Sergio como te va lo unico que tenes que hacer es reemplazar los transistores por mj15003 y la fuente es de 50 + 50 10A aprox.


----------



## gcirvini

pablo, que transistor cambiaste ademas de la resistencia?¿
A mi me distorsiona mucho y la resistencia que se te quemo a vos a mi se me calienta muchisimo!


----------



## oscarcito_ale

si te distorsiona mucho controla las resistencias de 1k que estan delante de los bc337 y 327 de paso controlalos haci como tambien los diodos que le siguen a las rcias.


----------



## rodo8469

hola amigos foreros
                           soy nuevo *QU*isiera consultar tengo una altech xp4000 le cambie todos los trans.  de salida  medi todos los demas estan todos bien pero la enciendo y me *QU*ema la res.13   de 470 no se *QU*e puede  ser si  algien me puede orientar para no tener *QU*e medir todo. saludos y gracias


----------



## DJ DRACO

la idea de la electronica es medir todo, y observar, investigar sobre el circuito.

por otro lado deberiamos ver alguna foto con buena definición para poder ver los demas componentes cercanos y sus valores para ayudarte
saludos.


----------



## rodo8469

ok. pero el tiempo es  tirano y  biene papa noel porahi hay un atajo para no tener *QU*e medir todos los componentes por eso es mi consulta aca les dejo unas fotos gracias por la  repuesta.


----------



## jonas961

hola lamentablemente yo compre esta potencia tabien pero no entrega la potencia q supuestamente deberia entregar q son 400 w rms por canal,ensi quedria saber si le agrego 2 transistores por salida me daria un poco mas de potencia,los transistores son 2sc5200 o si se pueden reemplazar por por el mjl3281


----------



## rodo8469

hola yo creo *QU*e no valdria la pena por el trabajo y porque la fuente te quedaria chica suerte


----------



## jonas961

mmm una pregunta mas de cuanto voltage tendria que ser la fuente?gracias por la respuesta anterior


----------



## rodo8469

la misma tencion algunos amperes mas


----------



## Tacatomon

rodo8469 dijo:


> la misma tencion algunos amperes mas



No, si le pone más corriente a la fuente, solo sacará más potencia a menos carga.

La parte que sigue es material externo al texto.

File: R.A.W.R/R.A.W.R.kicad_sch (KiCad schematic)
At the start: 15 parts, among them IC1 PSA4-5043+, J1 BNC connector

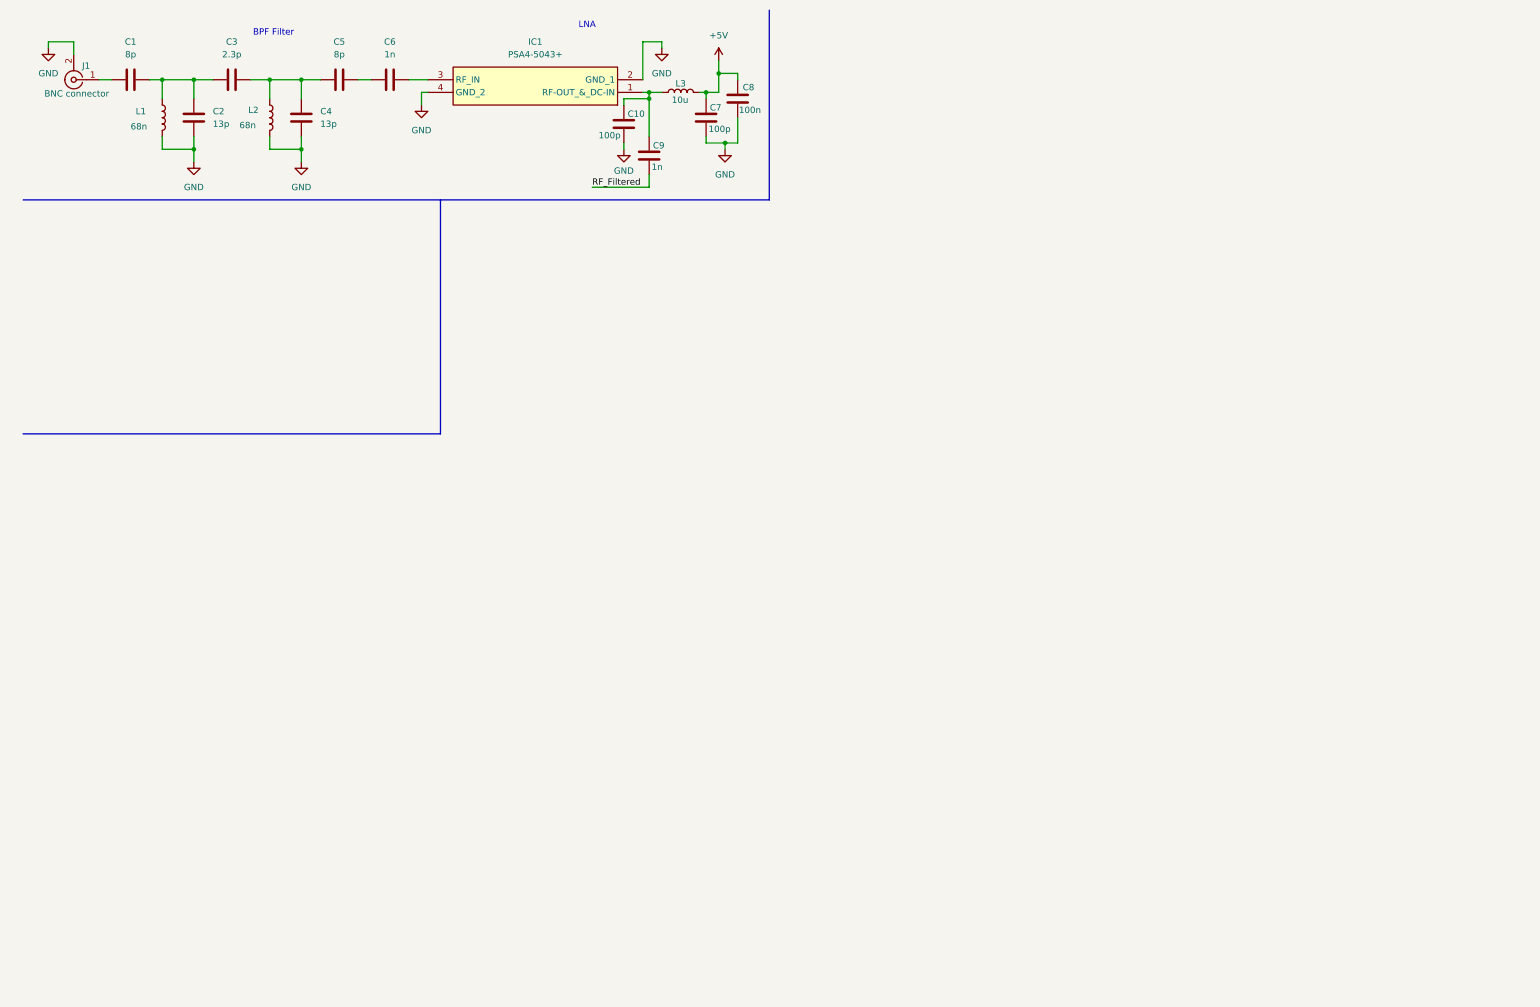
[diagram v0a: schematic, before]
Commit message: Added mixer, 10.7MHz filter, AM demodulator, audio amp and speaker
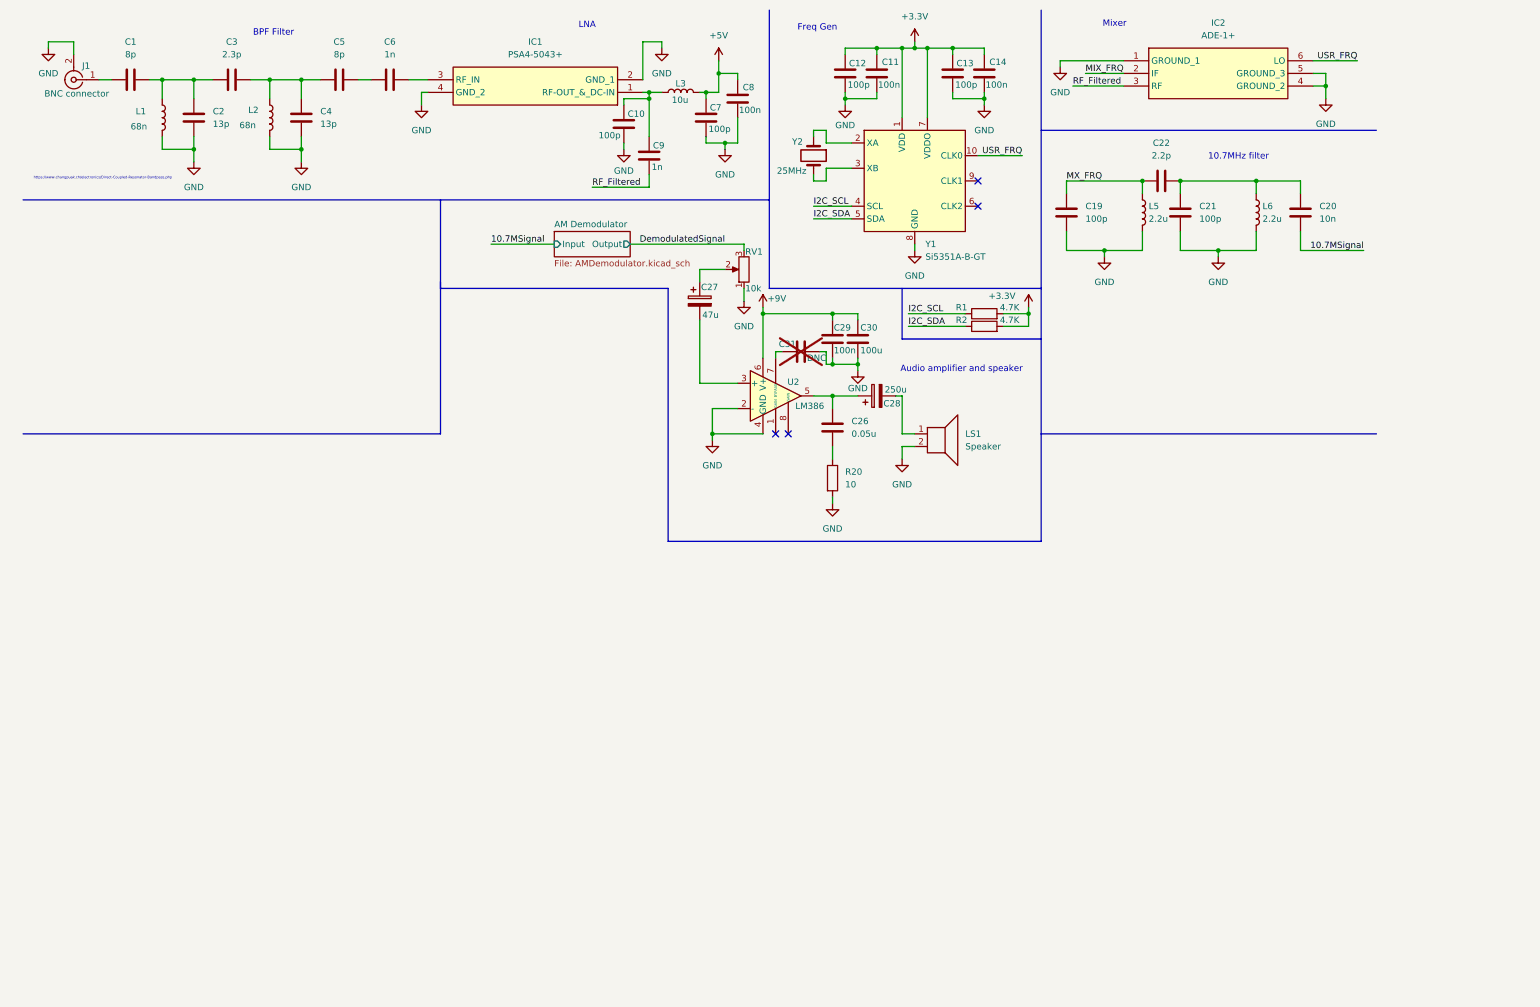
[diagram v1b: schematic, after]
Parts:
- added C11, C14, C29: 100n, symbol Device:C
- added C12, C13, C19, C21: 100p, symbol Device:C
- added C20: 10n, symbol Device:C
- added C22: 2.2p, symbol Device:C
- added C26: 0.05u, symbol Device:C
- added C27: 47u, symbol Device:C_Polarized
- added C28: 250u, symbol Device:C_Polarized
- added C30: 100u, symbol Device:C
- added C31: DNC, symbol Device:C
- added IC2: ADE-1+, ADE1, symbol RAWR:ADE-1+
- added L5, L6: 2.2u, Package_SO:SOIC-20W_7.5x12.8mm_P1.27mm, symbol Device:L
- added LS1: Speaker, Package_SON:WSON-8-1EP_6x5mm_P1.27mm_EP3.4x4mm, symbol Device:Speaker
- added R1, R2: 4.7K, symbol Device:R
- added R20: 10, symbol Device:R
- added RV1: 10k, Package_SO:TSSOP-20_4.4x6.5mm_P0.65mm, symbol Device:R_Potentiometer
- added U2: LM386, Package_DIP:DIP-14_W7.62mm, symbol Amplifier_Audio:LM386
- added Y1: Si5351A-B-GT, Package_SO:MSOP-10_3x3mm_P0.5mm, symbol Oscillator:Si5351A-B-GT
- added Y2: 25MHz, symbol Device:Crystal
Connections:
- net GND: now also C11.1, C12.1, C13.1, C14.1, C19.2, C21.2, C29.2, C30.2, C31.2, IC2.1 (GROUND_1), IC2.4 (GROUND_2), IC2.5 (GROUND_3), L5.2, L6.2, LS1.2, R20.2, RV1.1, U2.2 (-), U2.4 (GND), Y1.8 (GND)
- net RF_Filtered: now also IC2.3 (RF)
- new net: C27.1, RV1.2
- new net: C27.2, U2.3 (+)
- new net: C26.2, R20.1
- new net: C20.1, C21.1, C22.2, L6.1
- new net: C26.1, C28.1, U2.5
- new net: C28.2, LS1.1
- new net: Y1.2 (XA), Y2.1
- new net: Y1.3 (XB), Y2.2
- new net: C31.1, U2.7 (BYPASS)
- new net +3.3V: C11.2, C12.2, C13.2, C14.2, R1.2, R2.2, Y1.1 (VDD), Y1.7 (VDDO)
- new net +9V: C29.1, C30.1, U2.6 (V+)
- new net 10.7MSignal: C20.2
- new net DemodulatedSignal: RV1.3
- new net I2C_SCL: R1.1, Y1.4 (SCL)
- new net I2C_SDA: R2.1, Y1.5 (SDA)
- new net MIX_FRQ: IC2.2 (IF)
- new net MX_FRQ: C19.1, C22.1, L5.1
- new net USR_FRQ: IC2.6 (LO), Y1.10 (CLK0)
- no-connect marks 0 -> 4
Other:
- added sheet AM Demodulator (AMDemodulator.kicad_sch)
- note added: "10.7MHz filter"
- note added: "Audio amplifier and speaker"
- note added: "Freq Gen"
- note added: "Mixer"
- note added: "https://www.changpuak.ch/electronics/Direct-Coupled-Resonator-Bandpass.php"
- company: (none) -> Author: Wiktor Kociuba
- title: (none) -> R.A.W.R.

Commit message: Added RP2354A, screen and rotary encoder
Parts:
- added J3: 0.96 inch screen, Package_DFN_QFN:NXP_LQFN-48-1EP_7x7mm_P0.5mm_EP3.5x3.5mm_16xMask0.45x0.45_ThermalVias, symbol Connector:Conn_01x04_Pin
- added R27, R28, R29, R30, R31: 4.7K, symbol Device:R
- added SW3: RotaryEncoder_Switch, symbol Device:RotaryEncoder_Switch
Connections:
- net +3.3V: now also R27.2, R28.2
- net GND: now also J3.4 (Pin_4), SW3.C, SW3.S2
- new net +3V3: J3.3 (Pin_3), R29.2, R30.2, R31.2
- new net EncoderA: R29.1, SW3.A
- new net EncoderB: R30.1, SW3.B
- new net EncoderSW: R31.1, SW3.S1
- new net I2C1_SCL: J3.2 (Pin_2), R27.1
- new net I2C1_SDA: J3.1 (Pin_1), R28.1
- no-connect marks 4 -> 27
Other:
- added sheet MCU (MCU.kicad_sch)

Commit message: Added some footprints and USB-C receptacle
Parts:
- added C47, C48: 8p-30p, Capacitor_SMD:C_Trimmer_Murata_TZC3, symbol Device:C_Variable
- C1, C10, C11, C12, C13, C14, C2, C20, C22, C26, C29, C3, C31, C4, C5, C6, C7, C8, C9: footprint (none) -> Capacitor_SMD:C_0805_2012Metric_Pad1.18x1.45mm_HandSolder
- C19, C21: value 100p -> 82p; footprint (none) -> Capacitor_SMD:C_0805_2012Metric_Pad1.18x1.45mm_HandSolder
- C27, C28, C30: footprint (none) -> Capacitor_THT:CP_Radial_D8.0mm_P5.00mm
- IC1: footprint PSA45043 -> RAWR:PSA45043
- IC2: footprint ADE1 -> RAWR:ADE1
- J1: footprint Filter:Filter_Murata_BNX025 -> Connector_Coaxial:BNC_Amphenol_031-6575_Horizontal
- J3: footprint Package_DFN_QFN:NXP_LQFN-48-1EP_7x7mm_P0.5mm_EP3.5x3.5mm_16xMask0.45x0.45_ThermalVias -> Connector_PinHeader_2.54mm:PinHeader_1x04_P2.54mm_Vertical
- L1, L2, L3: footprint Package_SO:SOIC-20W_7.5x12.8mm_P1.27mm -> Inductor_SMD:L_0805_2012Metric_Pad1.05x1.20mm_HandSolder
- L5, L6: footprint Package_SO:SOIC-20W_7.5x12.8mm_P1.27mm -> Capacitor_SMD:C_0805_2012Metric_Pad1.18x1.45mm_HandSolder
- LS1: footprint Package_SON:WSON-8-1EP_6x5mm_P1.27mm_EP3.4x4mm -> Connector_PinHeader_2.54mm:PinHeader_1x02_P2.54mm_Vertical
- R1, R2, R20, R27, R28, R29, R30, R31: footprint (none) -> Resistor_SMD:R_0805_2012Metric_Pad1.20x1.40mm_HandSolder
- RV1: footprint Package_SO:TSSOP-20_4.4x6.5mm_P0.65mm -> (none)
- U2: footprint Package_DIP:DIP-14_W7.62mm -> (none)
- Y1: footprint Package_SO:MSOP-10_3x3mm_P0.5mm -> RAWR:SOP50P490X110-10N
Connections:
- net GND: now also C47.2, C48.2
- net MX_FRQ: now also C47.1
- net at C20.1, C21.1, C22.2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: now also C48.1

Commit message: Finished assignment of footprints
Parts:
- RV1: footprint (none) -> RAWR:PTV09A2020FA104
- SW3: footprint (none) -> RAWR:PEC11R4220FS0024
- U2: footprint (none) -> RAWR:SOIC127P600X175-8N
- Y2: footprint (none) -> Crystal:Crystal_SMD_5032-2Pin_5.0x3.2mm_HandSoldering
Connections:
- net MX_FRQ is gone; now on net MIX_FRQ: C19.1, C22.1, C47.1, L5.1
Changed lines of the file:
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@@
 		)
 	)
-	(label "MX_FRQ"
+	(label "MIX_FRQ"
 		(at 222.25 46.99 0)
 		(effects
@@
 			)
 		)
-		(property "Footprint" ""
+		(property "Footprint" "RAWR:PTV09A2020FA104"
 			(at 157.48 64.77 0)
 			(hide yes)
@@
 			)
 		)
-		(property "Footprint" ""
+		(property "Footprint" "Crystal:Crystal_SMD_5032-2Pin_5.0x3.2mm_HandSoldering"
 			(at 171.45 41.91 0)
 			(hide yes)
@@
 			)
 		)
-		(property "Footprint" ""
+		(property "Footprint" "RAWR:SOIC127P600X175-8N"
 			(at 166.37 87.63 0)
 			(hide yes)
@@
 			)
 		)
-		(property "Footprint" ""
+		(property "Footprint" "RAWR:PEC11R4220FS0024"
 			(at 45.72 126.746 0)
 			(hide yes)

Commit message: Added charger, 3v3 regulator and 10v5 stepup
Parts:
- added BT1: 18650 Li-Ion, Package_DFN_QFN:Texas_RGE0024H_VQFN-24-1EP_4x4mm_P0.5mm_EP2.7x2.7mm, symbol Device:Battery_Cell
- added C49, C51: 4.7u, QFN50P300X300X100-17N-D, symbol Device:C
- added C50, C66: 1u, QFN50P300X300X100-17N-D, symbol Device:C
- added C52: 100n, QFN50P300X300X100-17N-D, symbol Device:C
- added C53, C54, C58: 10u, QFN50P300X300X100-17N-D, symbol Device:C
- added C55, C56, C57, C63, C64, C65: 22u, QFN50P300X300X100-17N-D, symbol Device:C
- added C59, C67: 0.1u, QFN50P300X300X100-17N-D, symbol Device:C
- added C60: 2.2u, QFN50P300X300X100-17N-D, symbol Device:C
- added C61: 10n, QFN50P300X300X100-17N-D, symbol Device:C
- added C62: 100p, QFN50P300X300X100-17N-D, symbol Device:C
- added C68: 47n, QFN50P300X300X100-17N-D, symbol Device:C
- added D2: GREEN, symbol Device:LED
- added D3: RED, symbol Device:LED
- added IC3: BQ24075QRGTRQ1, QFN50P300X300X100-17N-D, symbol RAWR:BQ24075QRGTRQ1
- added IC4: TPS61088RHLR, RHL(R-PVQFN-N20)_1, symbol RAWR:TPS61088RHLR
- added L7, L8: 1.5u, SON50P300X400X100-15N-D, symbol Device:L
- added PS1: TPS63020DSJT, SON50P300X400X100-15N-D, symbol RAWR:TPS63020DSJT
- added R34, R35: 1.5k, symbol Device:R
- added R36: 1.18k, symbol Device:R
- added R37: 46.4k, symbol Device:R
- added R38: 1.13k, symbol Device:R
- added R39, R40, R41, R48: 10k, symbol Device:R
- added R42, R47, R49, R51: 100k, symbol Device:R
- added R43, R45: 1M, symbol Device:R
- added R44: 180k, symbol Device:R
- added R46: 255k, symbol Device:R
- added R50: 768k, symbol Device:R
- added SW4: SW_SPST, symbol Switch:SW_SPST
- added TH1: 10k, symbol Device:Thermistor
- IC1: footprint RAWR:PSA45043 -> PSA45043
- IC2: footprint RAWR:ADE1 -> ADE1
- Y1: footprint RAWR:SOP50P490X110-10N -> Package_SO:MSOP-10_3x3mm_P0.5mm
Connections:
- net +3V3: now also C55.1, C56.1, C57.1, PS1.4 (VOUT_1), PS1.5 (VOUT_2), R43.1, R45.2
- net GND: now also BT1.2 (-), C49.2, C50.2, C51.2, C52.2, C53.2, C54.2, C55.2, C56.2, C57.2, C58.2, C60.2, C61.2, C62.2, C63.2, C64.2, C65.2, C66.2, C67.2, C68.2, IC3.17 (EP), IC3.8 (VSS), IC4.11 (NC_1), IC4.12 (NC_2), IC4.13 (MODE), IC4.20 (AGND), IC4.21 (PGND), PS1.15 (EP), PS1.2 (GND), R36.2, R37.2, R38.2, R39.2, R40.2, R41.1, R44.1, R47.2, R49.2, R51.2, SW4.2 (B), TH1.2
- new net: D2.2 (A), R34.2
- new net: IC4.17 (FB), R49.1, R50.1
- new net: IC4.19 (ILIM), R47.1
- new net: C59.2, IC4.4 (SW_1), IC4.5 (SW_2), IC4.6 (SW_3), IC4.7 (SW_4), L8.1, R46.2
- new net: D3.1 (K), IC3.9 (~{CHG})
- new net: D3.2 (A), R35.1
- new net: C61.1, C62.1, R48.2
- new net: C59.1, IC4.8 (BOOT)
- new net: PS1.3 (FB), R43.2, R44.2
- new net: C60.1, IC4.1 (VCC)
- new net: C68.1, IC4.10 (SS)
- new net: IC4.18 (COMP), R48.1
- new net: IC4.3 (FSW), R46.1
- new net: IC3.1 (TS), TH1.1
- new net: C52.1, PS1.1 (VINA), PS1.12 (EN), PS1.13 (PS/SYNC)
- new net: L7.1, PS1.6 (L2_1), PS1.7 (L2_2)
- new net: L7.2, PS1.8 (L1_1), PS1.9 (L1_2)
- new net: IC3.16 (ISET), R38.1
- new net: IC3.14 (TMR), R37.1
- new net: IC3.12 (ILIM), R36.1
- new net: D2.1 (K), IC3.7 (~{PGOOD})
- new net +10V5: C63.1, C64.1, C65.1, C66.1, IC4.14 (VOUT_1), IC4.15 (VOUT_2), R50.2
- new net +BATT: BT1.1 (+), C49.1, IC3.2 (BAT_1), IC3.3 (BAT_2), R42.1
- new net EN1: IC3.6 (EN1), R39.1
- new net EN2: IC3.5 (EN2), R40.1
- new net EN_10V5: IC4.2 (EN), R51.1
- new net PG: PS1.14 (PG), R45.1
- new net SYSOFF: IC3.15 (SYSOFF), R42.2, SW4.1 (A)
- new net VBUS: C50.1, IC3.13 (IN)
- new net VSYS: C51.1, C53.1, C54.1, C58.1, C67.1, IC3.10 (OUT_1), IC3.11 (OUT_2), IC4.9 (VIN), L8.2, PS1.10 (VIN_1), PS1.11 (VIN_2), R34.1, R35.2
- new net ~{CE}: IC3.4 (~{CE}), R41.2
- no-connect marks 27 -> 22

Si quiere más potencia con la misma carga, necesita aumentar el voltaje de la fuente y la corriente en proporción a cálculos.
Esto a grosso modo.

Saludos!


----------



## jonas961

mira supuestamente esta potencia entrega 400w rms por canal con 4 ohms.pero tengo otra q te entrega 200 w rms por canal a 4 ohms y por lo que mi oido alcanza a diferenciar suena mucho mas la de 200 w,bueno me fui del tema,osea q la opcion mas aceptable seria un transformador con mas amp.esto me llevaria cambiar los condensadores y los didos de rectificacion?


----------



## chacarock

hola, les hago  una consulta, me quieren vender una xp1000t la que trae control de graves y agudos, me piden 440 pesos argentinos, segun leei, en el tema, me conviene ya que no gastaria mucho en mejorarle, conservando el transformador, digo, mejorando la proteccion , poniendo un disipador acorde, quizas aumentando un par de transistores o reemplazandolos por alguno mejor,
pero quisiera saber su opinoin, ya que no arme amplis de estas caracteristicas, a lo mejor me conviene por esa plata armarme uno igual o mejor.

desde ya muchisimas gracias


----------



## alcachofa

Queria saber que nivel de entrada necesito para que entregue su maxima potencia este ampli.La otra duda que tengo es como calibro el indicador de picos?alguien tiene algun dato de esto?
El ampli es un altech xp4000 de fabricacion nacional.

Saludos!


----------



## pandacba

No tenes la información del fabricante, hace falta ver el valor declarado para sensibilidad de entrada.
Eso se ajusta de modo que al maximo volumen posible no se encienda el indicador, caso contrario hay que disminuir el volumen. el problema es que en la actualidad con tantas fuentes conseguidas ilegalmente en su mayoria no sirve un solo ajuste. por ejemplo, reproduces un CD MP3 tuyo, llega un amigo y trae un ´CD que acaba de conseguir, y lo pone y tus parlantes se quieren desconar..... no hay manera, y el otro tema es la gran torpeza de la mayoria de los usuarios de querer escuchar todo a maximo volumen, una verdadera audición se disfrutqa a un nive que esta entre 1/4 y la mitad del volumen, pero claro de acuerdo al equipo, el problema a máxima potencia es que el equipo distorciona y etara mostrando picos todo el tiempo y puede dañarse, y lo más grave que el oido intenta protegerse ante tal agresión disminuyendo su capacidad de percibir al minimo lo que hace que uno crea que no suena bien y hay que darle más potencia, por encima de ese umbrar el oido ya no se puede proteger y los daños que se le causa son permantes e irreversibles.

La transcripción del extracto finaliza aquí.